Data supplied:
┌────────

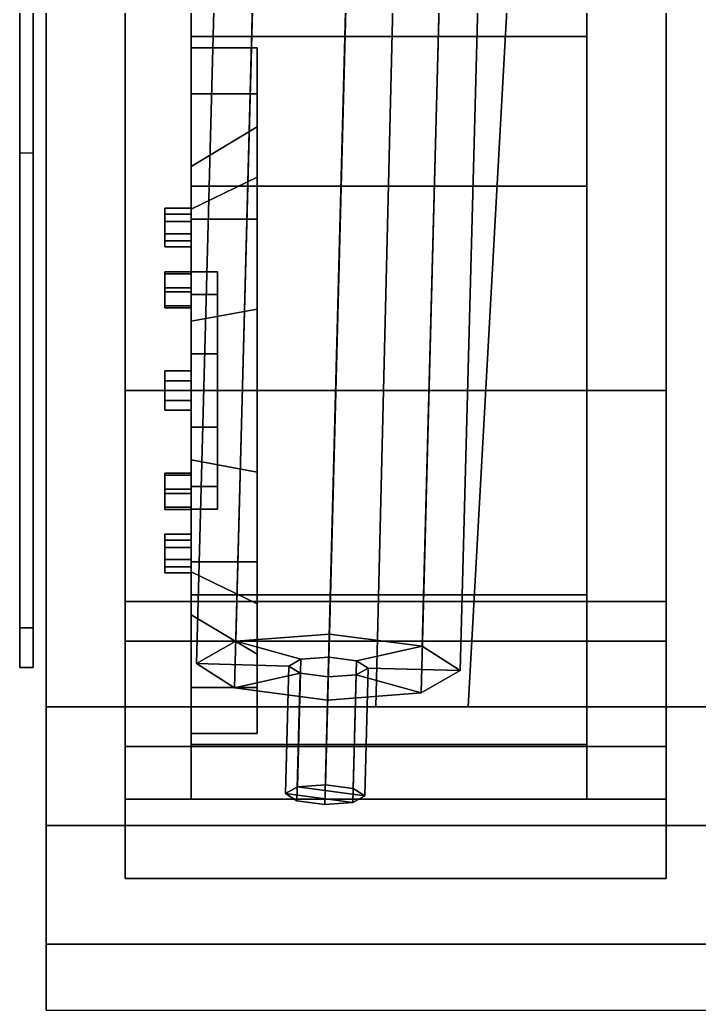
# Model space of a CAD drawing. Header units: millimetres. Extents: x -1.5 to 1.5, y -3.5 to 10.4.
# Drawn here: x -1.46 to -0.945, y -3.51 to -2.759 of the extents above; entities that cross this region are included whole.
import ezdxf

# ---------------------------------------------------------------- set-up
doc = ezdxf.new("R2010")
doc.units = ezdxf.units.MM
for name, color, linetype in [('fenders', 6, 'Continuous'), ('side_screens', 3, 'Continuous'), ('tracks', 3, 'Continuous'), ('wheels', 2, 'Continuous')]:
    doc.layers.add(name, color=color, linetype=linetype)

msp = doc.modelspace()

# ---------------------------------------------------------------- linework, layer by layer
for points in [[(-1.08, -2.56, 1.4), (-1.1725, -2.56, 1.03), (-1.19, -3.28, 0.91), (-1.12, -3.28, 1.19)], [(1.08, -2.56, 1.4), (-1.08, -2.56, 1.4), (-1.12, -3.28, 1.19), (1.12, -3.28, 1.19)], [(-1.30997, -2.63738, 1.35), (-1.28022, -2.62045, 1.28154), (-1.29619, -3.23017, 1.1238), (-1.32593, -3.24711, 1.19226)], [(-1.28022, -2.62045, 1.28154), (-1.20934, -2.61497, 1.25319), (-1.22531, -3.22469, 1.09545), (-1.29619, -3.23017, 1.1238)], [(-1.20934, -2.61497, 1.25319), (-1.13885, -2.62415, 1.28154), (-1.15482, -3.23388, 1.1238), (-1.22531, -3.22469, 1.09545)], [(-1.13885, -2.62415, 1.28154), (-1.11003, -2.64262, 1.35), (-1.126, -3.25234, 1.19226), (-1.15482, -3.23388, 1.1238)], [(-1.28115, -2.65585, 1.41846), (-1.30997, -2.63738, 1.35), (-1.32593, -3.24711, 1.19226), (-1.29712, -3.26557, 1.26072)], [(-1.11003, -2.64262, 1.35), (-1.13978, -2.65955, 1.41846), (-1.15574, -3.26927, 1.26072), (-1.126, -3.25234, 1.19226)], [(-1.21066, -2.66503, 1.44681), (-1.28115, -2.65585, 1.41846), (-1.29712, -3.26557, 1.26072), (-1.22662, -3.27475, 1.28908)], [(-1.13978, -2.65955, 1.41846), (-1.21066, -2.66503, 1.44681), (-1.22662, -3.27475, 1.28908), (-1.15574, -3.26927, 1.26072)], [(-1.32593, -3.24711, 1.19226), (-1.29619, -3.23017, 1.1238), (-1.24703, -3.24386, 1.17172), (-1.25596, -3.24894, 1.19226)], [(-1.29619, -3.23017, 1.1238), (-1.22531, -3.22469, 1.09545), (-1.22577, -3.24222, 1.16322), (-1.24703, -3.24386, 1.17172)], [(-1.22531, -3.22469, 1.09545), (-1.15482, -3.23388, 1.1238), (-1.20462, -3.24497, 1.17172), (-1.22577, -3.24222, 1.16322)], [(-1.15482, -3.23388, 1.1238), (-1.126, -3.25234, 1.19226), (-1.19598, -3.25051, 1.19226), (-1.20462, -3.24497, 1.17172)], [(-1.25596, -3.24894, 1.19226), (-1.24703, -3.24386, 1.17172), (-1.24957, -3.34064, 1.14669), (-1.25849, -3.34572, 1.16722)], [(-1.24703, -3.24386, 1.17172), (-1.22577, -3.24222, 1.16322), (-1.2283, -3.339, 1.13818), (-1.24957, -3.34064, 1.14669)], [(-1.22577, -3.24222, 1.16322), (-1.20462, -3.24497, 1.17172), (-1.20716, -3.34175, 1.14669), (-1.2283, -3.339, 1.13818)], [(-1.20462, -3.24497, 1.17172), (-1.19598, -3.25051, 1.19226), (-1.19851, -3.34729, 1.16722), (-1.20716, -3.34175, 1.14669)], [(-1.29712, -3.26557, 1.26072), (-1.32593, -3.24711, 1.19226), (-1.25596, -3.24894, 1.19226), (-1.24731, -3.25448, 1.2128)], [(-1.24731, -3.25448, 1.2128), (-1.25596, -3.24894, 1.19226), (-1.25849, -3.34572, 1.16722), (-1.24985, -3.35126, 1.18776)], [(-1.19598, -3.25051, 1.19226), (-1.2049, -3.25559, 1.2128), (-1.20743, -3.35237, 1.18776), (-1.19851, -3.34729, 1.16722)], [(-1.126, -3.25234, 1.19226), (-1.15574, -3.26927, 1.26072), (-1.2049, -3.25559, 1.2128), (-1.19598, -3.25051, 1.19226)], [(-1.22662, -3.27475, 1.28908), (-1.29712, -3.26557, 1.26072), (-1.24731, -3.25448, 1.2128), (-1.22616, -3.25723, 1.22131)], [(-1.22616, -3.25723, 1.22131), (-1.24731, -3.25448, 1.2128), (-1.24985, -3.35126, 1.18776), (-1.2287, -3.35401, 1.19627)], [(-1.2049, -3.25559, 1.2128), (-1.22616, -3.25723, 1.22131), (-1.2287, -3.35401, 1.19627), (-1.20743, -3.35237, 1.18776)], [(-1.15574, -3.26927, 1.26072), (-1.22662, -3.27475, 1.28908), (-1.22616, -3.25723, 1.22131), (-1.2049, -3.25559, 1.2128)], [(0.03, -3.28, 1.17), (-1.12, -3.28, 1.19), (-1.19, -3.28, 0.91), (-0.93, -3.28, 0.91)], [(1.12, -3.28, 1.19), (-1.12, -3.28, 1.19), (0.03, -3.28, 1.17), (0.91, -3.28, 1.17)], [(-1.20743, -3.35237, 1.18776), (-1.25849, -3.34572, 1.16722), (-1.24957, -3.34064, 1.14669), (-1.19851, -3.34729, 1.16722)], [(-1.19851, -3.34729, 1.16722), (-1.24957, -3.34064, 1.14669), (-1.2283, -3.339, 1.13818), (-1.20716, -3.34175, 1.14669)], [(-1.2287, -3.35401, 1.19627), (-1.24985, -3.35126, 1.18776), (-1.25849, -3.34572, 1.16722), (-1.20743, -3.35237, 1.18776)]]:
    msp.add_3dface(points)
at = {"layer": 'fenders'}
for points in [[(-1.44, -2.56, 1.03), (-1.44, -2.54332, 0.89), (-1.44, -3.28, 0.83), (-1.44, -3.28, 0.91)], [(-1.1725, -2.56, 1.03), (-1.44, -2.56, 1.03), (-1.44, -3.28, 0.91), (-1.19, -3.28, 0.91)], [(-1.44, -3.28, 0.91), (-1.44, -3.28, 0.83), (-1.44, -3.32, 0.83), (-1.44, -3.37, 0.85)], [(-0.93, -3.28, 0.91), (-1.44, -3.28, 0.91), (-1.44, -3.37, 0.85), (-0.93, -3.37, 0.85)], [(-1.44, -3.37, 0.85), (-1.44, -3.32, 0.83), (-1.44, -3.41, 0.73), (-1.44, -3.46, 0.76)], [(-0.93, -3.37, 0.85), (-1.44, -3.37, 0.85), (-1.44, -3.46, 0.76), (-0.93, -3.46, 0.76)], [(-1.44, -3.46, 0.76), (-1.44, -3.41, 0.73), (-1.44, -3.47, 0.63), (-1.44, -3.51, 0.65)], [(-0.93, -3.46, 0.76), (-1.44, -3.46, 0.76), (-1.44, -3.51, 0.65), (-0.93, -3.51, 0.65)]]:
    msp.add_3dface(points, dxfattribs=at)
at = {"layer": 'side_screens'}
for points in [[(-1.46, 1.67, 1.09), (-1.46, 1.67, 0.54), (-1.46, -3.25, 0.32), (-1.46, -3.25, 0.8)], [(-1.46, -0.94, 1.48), (-1.46, 1.67, 1.09), (-1.46, -3.25, 0.8), (-1.46, -2.86, 1.41)], [(-1.46, 1.67, 0.54), (-1.46, 1.17, 0.28), (-1.46, -3.22, 0.28), (-1.46, -3.25, 0.32)], [(-1.45, -3.25, 0.8), (-1.45, -3.25, 0.32), (-1.45, 1.67, 0.54), (-1.45, 1.67, 1.09)], [(-1.45, -2.86, 1.41), (-1.45, -3.25, 0.8), (-1.45, 1.67, 1.09), (-1.45, -0.94, 1.48)], [(-1.45, -3.25, 0.32), (-1.45, -3.22, 0.28), (-1.45, 1.17, 0.28), (-1.45, 1.67, 0.54)], [(-1.45, -3.22, 0.28), (-1.46, -3.22, 0.28), (-1.46, 1.17, 0.28), (-1.45, 1.17, 0.28)], [(-1.46, -2.86, 1.41), (-1.46, -3.25, 0.8), (-1.45, -3.25, 0.8), (-1.45, -2.86, 1.41)], [(-1.46, -3.25, 0.32), (-1.46, -3.22, 0.28), (-1.45, -3.22, 0.28), (-1.45, -3.25, 0.32)], [(-1.46, -3.25, 0.8), (-1.46, -3.25, 0.32), (-1.45, -3.25, 0.32), (-1.45, -3.25, 0.8)]]:
    msp.add_3dface(points, dxfattribs=at)
at = {"layer": 'tracks'}
for points in [[(-1.38, -3.04, 0.86), (-0.97, -3.04, 0.86), (-0.97, -2.44, 0.94), (-1.38, -2.44, 0.94)], [(-1.38, -3.04, 0.82), (-1.38, -3.04, 0.86), (-1.38, -2.44, 0.94), (-1.38, -2.44, 0.9)], [(-1.38, -2.44, 0.9), (-0.97, -2.44, 0.9), (-0.97, -3.04, 0.82), (-1.38, -3.04, 0.82)], [(-0.97, -2.44, 0.9), (-0.97, -2.44, 0.94), (-0.97, -3.04, 0.86), (-0.97, -3.04, 0.82)], [(-1.38, -2.53), (-0.97, -2.53), (-0.97, -3.23, 0.21), (-1.38, -3.23, 0.21)], [(-1.38, -2.53, 0.04), (-1.38, -2.53), (-1.38, -3.23, 0.21), (-1.38, -3.2, 0.24)], [(-1.38, -3.2, 0.24), (-0.97, -3.2, 0.24), (-0.97, -2.53, 0.04), (-1.38, -2.53, 0.04)], [(-0.97, -3.2, 0.24), (-0.97, -3.23, 0.21), (-0.97, -2.53), (-0.97, -2.53, 0.04)], [(-0.97, -3.04, 0.86), (-1.38, -3.04, 0.86), (-1.38, -3.23, 0.81), (-0.97, -3.23, 0.81)], [(-1.38, -3.2, 0.78), (-1.38, -3.23, 0.81), (-1.38, -3.04, 0.86), (-1.38, -3.04, 0.82)], [(-0.97, -3.2, 0.78), (-1.38, -3.2, 0.78), (-1.38, -3.04, 0.82), (-0.97, -3.04, 0.82)], [(-0.97, -3.04, 0.82), (-0.97, -3.04, 0.86), (-0.97, -3.23, 0.81), (-0.97, -3.2, 0.78)], [(-1.38, -3.31, 0.67), (-1.38, -3.37, 0.67), (-1.38, -3.23, 0.81), (-1.38, -3.2, 0.78)], [(-0.97, -3.31, 0.67), (-1.38, -3.31, 0.67), (-1.38, -3.2, 0.78), (-0.97, -3.2, 0.78)], [(-1.38, -3.2, 0.24), (-1.38, -3.23, 0.21), (-1.38, -3.37, 0.35), (-1.38, -3.31, 0.35)], [(-1.38, -3.31, 0.35), (-0.97, -3.31, 0.35), (-0.97, -3.2, 0.24), (-1.38, -3.2, 0.24)], [(-0.97, -3.2, 0.78), (-0.97, -3.23, 0.81), (-0.97, -3.37, 0.67), (-0.97, -3.31, 0.67)], [(-0.97, -3.31, 0.35), (-0.97, -3.37, 0.35), (-0.97, -3.23, 0.21), (-0.97, -3.2, 0.24)], [(-0.97, -3.23, 0.81), (-1.38, -3.23, 0.81), (-1.38, -3.37, 0.67), (-0.97, -3.37, 0.67)], [(-1.38, -3.23, 0.21), (-0.97, -3.23, 0.21), (-0.97, -3.37, 0.35), (-1.38, -3.37, 0.35)], [(-1.38, -3.35, 0.51), (-1.38, -3.41, 0.51), (-1.38, -3.37, 0.67), (-1.38, -3.31, 0.67)], [(-0.97, -3.35, 0.51), (-1.38, -3.35, 0.51), (-1.38, -3.31, 0.67), (-0.97, -3.31, 0.67)], [(-1.38, -3.31, 0.35), (-1.38, -3.37, 0.35), (-1.38, -3.41, 0.51), (-1.38, -3.35, 0.51)], [(-1.38, -3.35, 0.51), (-0.97, -3.35, 0.51), (-0.97, -3.31, 0.35), (-1.38, -3.31, 0.35)], [(-0.97, -3.31, 0.67), (-0.97, -3.37, 0.67), (-0.97, -3.41, 0.51), (-0.97, -3.35, 0.51)], [(-0.97, -3.35, 0.51), (-0.97, -3.41, 0.51), (-0.97, -3.37, 0.35), (-0.97, -3.31, 0.35)], [(-0.97, -3.37, 0.67), (-1.38, -3.37, 0.67), (-1.38, -3.41, 0.51), (-0.97, -3.41, 0.51)], [(-1.38, -3.37, 0.35), (-0.97, -3.37, 0.35), (-0.97, -3.41, 0.51), (-1.38, -3.41, 0.51)]]:
    msp.add_3dface(points, dxfattribs=at)
at = {"layer": 'wheels'}
for points in [[(-1.03, -2.73, 0.51), (-1.03, -2.77153, 0.355), (-1.33, -2.77153, 0.355), (-1.33, -2.73, 0.51)], [(-1.33, -2.73, 0.51), (-1.33, -2.77153, 0.355), (-1.33, -2.81483, 0.38), (-1.33, -2.78, 0.51)], [(-1.03, -2.77153, 0.665), (-1.03, -2.73, 0.51), (-1.33, -2.73, 0.51), (-1.33, -2.77153, 0.665)], [(-1.03, -3.195, 0.77847), (-1.03, -2.77153, 0.355), (-1.03, -2.73, 0.51), (-1.03, -3.04, 0.82)], [(-1.03, -3.04, 0.82), (-1.03, -2.73, 0.51), (-1.03, -2.77153, 0.665), (-1.03, -2.885, 0.77847)], [(-1.33, -2.77153, 0.355), (-1.33, -2.885, 0.24153), (-1.33, -2.91, 0.28483), (-1.33, -2.81483, 0.38)], [(-1.03, -2.77153, 0.355), (-1.03, -2.885, 0.24153), (-1.33, -2.885, 0.24153), (-1.33, -2.77153, 0.355)], [(-1.03, -2.885, 0.77847), (-1.03, -2.77153, 0.665), (-1.33, -2.77153, 0.665), (-1.33, -2.885, 0.77847)], [(-1.33, -2.885, 0.77847), (-1.33, -2.77153, 0.665), (-1.33, -2.81483, 0.64), (-1.33, -2.91, 0.73517)], [(-1.03, -3.30847, 0.665), (-1.03, -2.885, 0.24153), (-1.03, -2.77153, 0.355), (-1.03, -3.195, 0.77847)], [(-1.28, -2.81483, 0.38), (-1.28, -2.78, 0.51), (-1.33, -2.78, 0.51), (-1.33, -2.81483, 0.38)], [(-1.28, -2.8782, 0.39244), (-1.28, -2.84, 0.51), (-1.28, -2.78, 0.51), (-1.28, -2.81483, 0.38)], [(-1.28, -2.91, 0.28483), (-1.28, -2.81483, 0.38), (-1.33, -2.81483, 0.38), (-1.33, -2.91, 0.28483)], [(-1.28, -2.81483, 0.64), (-1.28, -2.91, 0.73517), (-1.33, -2.91, 0.73517), (-1.33, -2.81483, 0.64)], [(-1.28, -2.81483, 0.38), (-1.28, -2.91, 0.28483), (-1.28, -2.9782, 0.31979), (-1.28, -2.8782, 0.39244)], [(-1.28, -2.91, 0.73517), (-1.28, -2.81483, 0.64), (-1.28, -2.8782, 0.62756), (-1.28, -2.9782, 0.70021)], [(-1.28, -2.84, 0.51), (-1.28, -2.8782, 0.39244), (-1.33, -2.90247, 0.41008), (-1.33, -2.87, 0.51)], [(-1.33, -2.87, 0.51), (-1.33, -2.95, 0.51), (-1.33, -2.9264, 0.53903), (-1.33, -2.91173, 0.53591)], [(-1.33, -2.87, 0.51), (-1.33, -2.87, 0.51), (-1.33, -2.91173, 0.53591), (-1.33, -2.90169, 0.54705)], [(-1.33, -2.90247, 0.60992), (-1.33, -2.87, 0.51), (-1.33, -2.90169, 0.54705), (-1.33, -2.90633, 0.56132)], [(-1.33, -2.95, 0.51), (-1.33, -2.87, 0.51), (-1.33, -2.91173, 0.48409), (-1.33, -2.9264, 0.48097)], [(-1.33, -2.87, 0.51), (-1.33, -2.87, 0.51), (-1.33, -2.90169, 0.47295), (-1.33, -2.91173, 0.48409)], [(-1.33, -2.87, 0.51), (-1.33, -2.90247, 0.41008), (-1.33, -2.90633, 0.45868), (-1.33, -2.90169, 0.47295)], [(-1.28, -2.8782, 0.39244), (-1.28, -2.9782, 0.31979), (-1.33, -2.98747, 0.34832), (-1.33, -2.90247, 0.41008)], [(-1.28, -2.9782, 0.70021), (-1.28, -2.8782, 0.62756), (-1.33, -2.90247, 0.60992), (-1.33, -2.98747, 0.67168)], [(-1.03, -2.885, 0.24153), (-1.03, -3.04, 0.2), (-1.33, -3.04, 0.2), (-1.33, -2.885, 0.24153)], [(-1.33, -2.885, 0.24153), (-1.33, -3.04, 0.2), (-1.33, -3.04, 0.25), (-1.33, -2.91, 0.28483)], [(-1.03, -3.04, 0.82), (-1.03, -2.885, 0.77847), (-1.33, -2.885, 0.77847), (-1.33, -3.04, 0.82)], [(-1.33, -3.04, 0.82), (-1.33, -2.885, 0.77847), (-1.33, -2.91, 0.73517), (-1.33, -3.04, 0.77)], [(-1.03, -3.35, 0.51), (-1.03, -3.04, 0.2), (-1.03, -2.885, 0.24153), (-1.03, -3.30847, 0.665)], [(-1.35, -2.90633, 0.56132), (-1.35, -2.90169, 0.54705), (-1.35, -2.91173, 0.53591), (-1.35, -2.921, 0.56444)], [(-1.33, -2.90169, 0.54705), (-1.33, -2.91173, 0.53591), (-1.35, -2.91173, 0.53591), (-1.35, -2.90169, 0.54705)], [(-1.33, -2.90633, 0.56132), (-1.33, -2.90169, 0.54705), (-1.35, -2.90169, 0.54705), (-1.35, -2.90633, 0.56132)], [(-1.35, -2.90169, 0.47295), (-1.35, -2.90633, 0.45868), (-1.35, -2.921, 0.45556), (-1.35, -2.91173, 0.48409)], [(-1.33, -2.91173, 0.48409), (-1.33, -2.90169, 0.47295), (-1.35, -2.90169, 0.47295), (-1.35, -2.91173, 0.48409)], [(-1.33, -2.90169, 0.47295), (-1.33, -2.90633, 0.45868), (-1.35, -2.90633, 0.45868), (-1.35, -2.90169, 0.47295)], [(-1.33, -2.921, 0.56444), (-1.33, -2.90633, 0.56132), (-1.35, -2.90633, 0.56132), (-1.35, -2.921, 0.56444)], [(-1.33, -2.90633, 0.45868), (-1.33, -2.921, 0.45556), (-1.35, -2.921, 0.45556), (-1.35, -2.90633, 0.45868)], [(-1.33, -2.90247, 0.41008), (-1.33, -2.98747, 0.34832), (-1.33, -2.96202, 0.38991), (-1.33, -2.94988, 0.39873)], [(-1.33, -2.90247, 0.60992), (-1.33, -2.96719, 0.5629), (-1.33, -2.96516, 0.60025), (-1.33, -2.95145, 0.60636)], [(-1.33, -2.90247, 0.60992), (-1.33, -2.90247, 0.60992), (-1.33, -2.95145, 0.60636), (-1.33, -2.94988, 0.62127)], [(-1.33, -2.98747, 0.67168), (-1.33, -2.90247, 0.60992), (-1.33, -2.94988, 0.62127), (-1.33, -2.96202, 0.63009)], [(-1.33, -2.96719, 0.5629), (-1.33, -2.90247, 0.60992), (-1.33, -2.921, 0.56444), (-1.33, -2.93103, 0.55329)], [(-1.33, -2.90247, 0.60992), (-1.33, -2.90247, 0.60992), (-1.33, -2.90633, 0.56132), (-1.33, -2.921, 0.56444)], [(-1.33, -2.90247, 0.41008), (-1.33, -2.96719, 0.4571), (-1.33, -2.93103, 0.46671), (-1.33, -2.921, 0.45556)], [(-1.33, -2.90247, 0.41008), (-1.33, -2.90247, 0.41008), (-1.33, -2.921, 0.45556), (-1.33, -2.90633, 0.45868)], [(-1.33, -2.96719, 0.4571), (-1.33, -2.90247, 0.41008), (-1.33, -2.95145, 0.41364), (-1.33, -2.96516, 0.41975)], [(-1.33, -2.90247, 0.41008), (-1.33, -2.90247, 0.41008), (-1.33, -2.94988, 0.39873), (-1.33, -2.95145, 0.41364)], [(-1.35, -2.921, 0.56444), (-1.35, -2.91173, 0.53591), (-1.35, -2.9264, 0.53903), (-1.35, -2.93103, 0.55329)], [(-1.33, -2.91173, 0.53591), (-1.33, -2.9264, 0.53903), (-1.35, -2.9264, 0.53903), (-1.35, -2.91173, 0.53591)], [(-1.35, -2.91173, 0.48409), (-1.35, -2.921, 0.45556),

└────────

What needs to be done: The answer consists of the lines above that include the word "tracks", each copied exactly.

Answer space:
for name, color, linetype in [('fenders', 6, 'Continuous'), ('side_screens', 3, 'Continuous'), ('tracks', 3, 'Continuous'), ('wheels', 2, 'Continuous')]:
at = {"layer": 'tracks'}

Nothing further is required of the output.